:: Data extracted from a collection ::
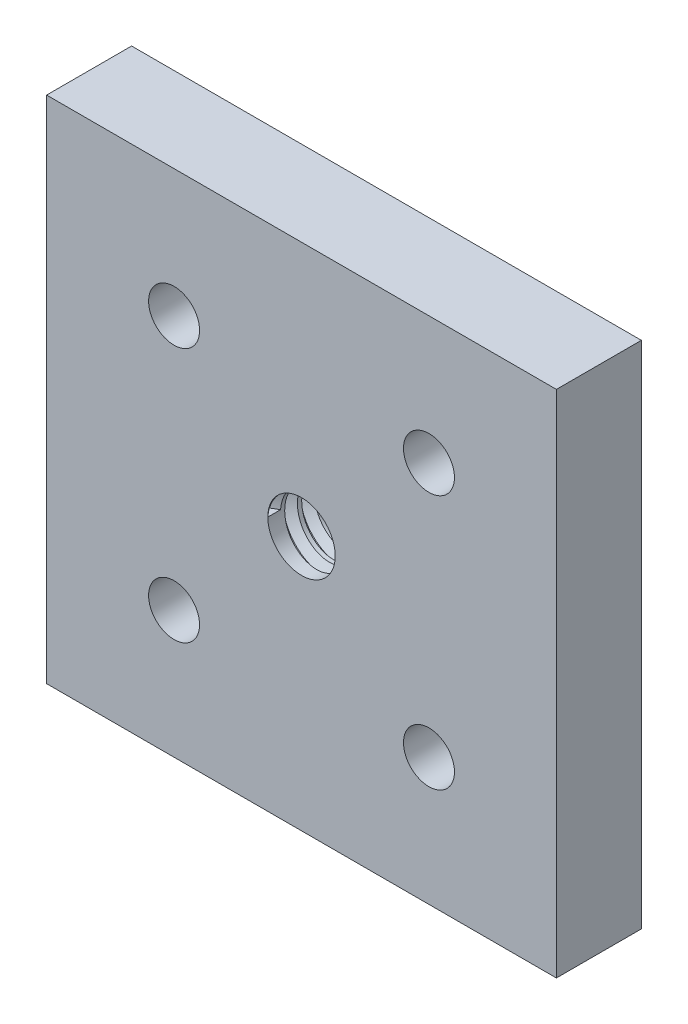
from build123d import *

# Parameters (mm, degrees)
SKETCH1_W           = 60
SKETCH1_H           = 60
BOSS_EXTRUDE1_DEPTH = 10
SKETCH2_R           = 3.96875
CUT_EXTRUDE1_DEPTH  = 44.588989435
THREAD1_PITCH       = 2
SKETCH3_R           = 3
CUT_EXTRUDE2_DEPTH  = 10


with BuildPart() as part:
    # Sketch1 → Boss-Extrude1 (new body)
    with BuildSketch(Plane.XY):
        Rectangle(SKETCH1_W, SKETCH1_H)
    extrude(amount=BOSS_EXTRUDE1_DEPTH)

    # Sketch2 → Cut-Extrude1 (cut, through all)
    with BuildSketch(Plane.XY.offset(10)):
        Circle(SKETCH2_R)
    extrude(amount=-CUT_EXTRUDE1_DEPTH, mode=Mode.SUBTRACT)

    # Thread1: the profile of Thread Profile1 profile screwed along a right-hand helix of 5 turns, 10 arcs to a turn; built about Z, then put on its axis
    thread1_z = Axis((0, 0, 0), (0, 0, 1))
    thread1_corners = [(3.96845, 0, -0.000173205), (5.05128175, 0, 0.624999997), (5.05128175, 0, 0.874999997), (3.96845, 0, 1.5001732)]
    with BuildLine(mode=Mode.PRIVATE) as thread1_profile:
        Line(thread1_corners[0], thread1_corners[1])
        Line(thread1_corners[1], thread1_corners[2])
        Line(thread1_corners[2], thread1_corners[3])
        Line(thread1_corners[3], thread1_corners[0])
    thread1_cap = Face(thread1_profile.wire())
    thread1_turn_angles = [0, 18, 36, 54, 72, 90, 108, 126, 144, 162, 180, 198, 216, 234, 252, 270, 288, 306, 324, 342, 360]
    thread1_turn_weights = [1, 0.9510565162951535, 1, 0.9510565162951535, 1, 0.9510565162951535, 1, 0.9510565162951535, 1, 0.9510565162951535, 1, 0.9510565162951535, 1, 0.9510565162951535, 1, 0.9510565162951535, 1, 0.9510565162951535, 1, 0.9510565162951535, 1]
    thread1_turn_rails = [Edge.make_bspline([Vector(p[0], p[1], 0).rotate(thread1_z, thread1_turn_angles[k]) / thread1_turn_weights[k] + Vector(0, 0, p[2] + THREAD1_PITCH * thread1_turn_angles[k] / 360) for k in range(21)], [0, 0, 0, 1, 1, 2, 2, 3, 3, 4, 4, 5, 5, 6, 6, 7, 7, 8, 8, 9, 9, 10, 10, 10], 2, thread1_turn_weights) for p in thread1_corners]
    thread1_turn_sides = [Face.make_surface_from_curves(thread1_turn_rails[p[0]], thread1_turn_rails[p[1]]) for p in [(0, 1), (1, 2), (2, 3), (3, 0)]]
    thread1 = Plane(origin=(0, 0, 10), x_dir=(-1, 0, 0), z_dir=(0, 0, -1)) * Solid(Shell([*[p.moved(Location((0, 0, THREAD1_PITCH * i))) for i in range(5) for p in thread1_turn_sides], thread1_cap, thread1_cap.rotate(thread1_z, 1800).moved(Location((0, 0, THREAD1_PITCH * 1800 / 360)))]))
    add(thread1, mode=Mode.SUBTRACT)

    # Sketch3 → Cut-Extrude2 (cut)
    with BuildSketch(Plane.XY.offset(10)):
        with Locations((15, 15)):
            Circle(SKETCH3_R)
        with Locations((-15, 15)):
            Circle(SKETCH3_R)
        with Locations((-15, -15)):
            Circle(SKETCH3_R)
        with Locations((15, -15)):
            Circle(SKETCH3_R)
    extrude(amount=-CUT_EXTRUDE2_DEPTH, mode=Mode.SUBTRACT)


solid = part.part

:: Task prompt ::
First drop every picture, then print the data above exactly as it stands.

:: Response to this exercise ::
from build123d import *

# Parameters (mm, degrees)
SKETCH1_W           = 60
SKETCH1_H           = 60
BOSS_EXTRUDE1_DEPTH = 10
SKETCH2_R           = 3.96875
CUT_EXTRUDE1_DEPTH  = 44.588989435
THREAD1_PITCH       = 2
SKETCH3_R           = 3
CUT_EXTRUDE2_DEPTH  = 10


with BuildPart() as part:
    # Sketch1 → Boss-Extrude1 (new body)
    with BuildSketch(Plane.XY):
        Rectangle(SKETCH1_W, SKETCH1_H)
    extrude(amount=BOSS_EXTRUDE1_DEPTH)

    # Sketch2 → Cut-Extrude1 (cut, through all)
    with BuildSketch(Plane.XY.offset(10)):
        Circle(SKETCH2_R)
    extrude(amount=-CUT_EXTRUDE1_DEPTH, mode=Mode.SUBTRACT)

    # Thread1: the profile of Thread Profile1 profile screwed along a right-hand helix of 5 turns, 10 arcs to a turn; built about Z, then put on its axis
    thread1_z = Axis((0, 0, 0), (0, 0, 1))
    thread1_corners = [(3.96845, 0, -0.000173205), (5.05128175, 0, 0.624999997), (5.05128175, 0, 0.874999997), (3.96845, 0, 1.5001732)]
    with BuildLine(mode=Mode.PRIVATE) as thread1_profile:
        Line(thread1_corners[0], thread1_corners[1])
        Line(thread1_corners[1], thread1_corners[2])
        Line(thread1_corners[2], thread1_corners[3])
        Line(thread1_corners[3], thread1_corners[0])
    thread1_cap = Face(thread1_profile.wire())
    thread1_turn_angles = [0, 18, 36, 54, 72, 90, 108, 126, 144, 162, 180, 198, 216, 234, 252, 270, 288, 306, 324, 342, 360]
    thread1_turn_weights = [1, 0.9510565162951535, 1, 0.9510565162951535, 1, 0.9510565162951535, 1, 0.9510565162951535, 1, 0.9510565162951535, 1, 0.9510565162951535, 1, 0.9510565162951535, 1, 0.9510565162951535, 1, 0.9510565162951535, 1, 0.9510565162951535, 1]
    thread1_turn_rails = [Edge.make_bspline([Vector(p[0], p[1], 0).rotate(thread1_z, thread1_turn_angles[k]) / thread1_turn_weights[k] + Vector(0, 0, p[2] + THREAD1_PITCH * thread1_turn_angles[k] / 360) for k in range(21)], [0, 0, 0, 1, 1, 2, 2, 3, 3, 4, 4, 5, 5, 6, 6, 7, 7, 8, 8, 9, 9, 10, 10, 10], 2, thread1_turn_weights) for p in thread1_corners]
    thread1_turn_sides = [Face.make_surface_from_curves(thread1_turn_rails[p[0]], thread1_turn_rails[p[1]]) for p in [(0, 1), (1, 2), (2, 3), (3, 0)]]
    thread1 = Plane(origin=(0, 0, 10), x_dir=(-1, 0, 0), z_dir=(0, 0, -1)) * Solid(Shell([*[p.moved(Location((0, 0, THREAD1_PITCH * i))) for i in range(5) for p in thread1_turn_sides], thread1_cap, thread1_cap.rotate(thread1_z, 1800).moved(Location((0, 0, THREAD1_PITCH * 1800 / 360)))]))
    add(thread1, mode=Mode.SUBTRACT)

    # Sketch3 → Cut-Extrude2 (cut)
    with BuildSketch(Plane.XY.offset(10)):
        with Locations((15, 15)):
            Circle(SKETCH3_R)
        with Locations((-15, 15)):
            Circle(SKETCH3_R)
        with Locations((-15, -15)):
            Circle(SKETCH3_R)
        with Locations((15, -15)):
            Circle(SKETCH3_R)
    extrude(amount=-CUT_EXTRUDE2_DEPTH, mode=Mode.SUBTRACT)


solid = part.part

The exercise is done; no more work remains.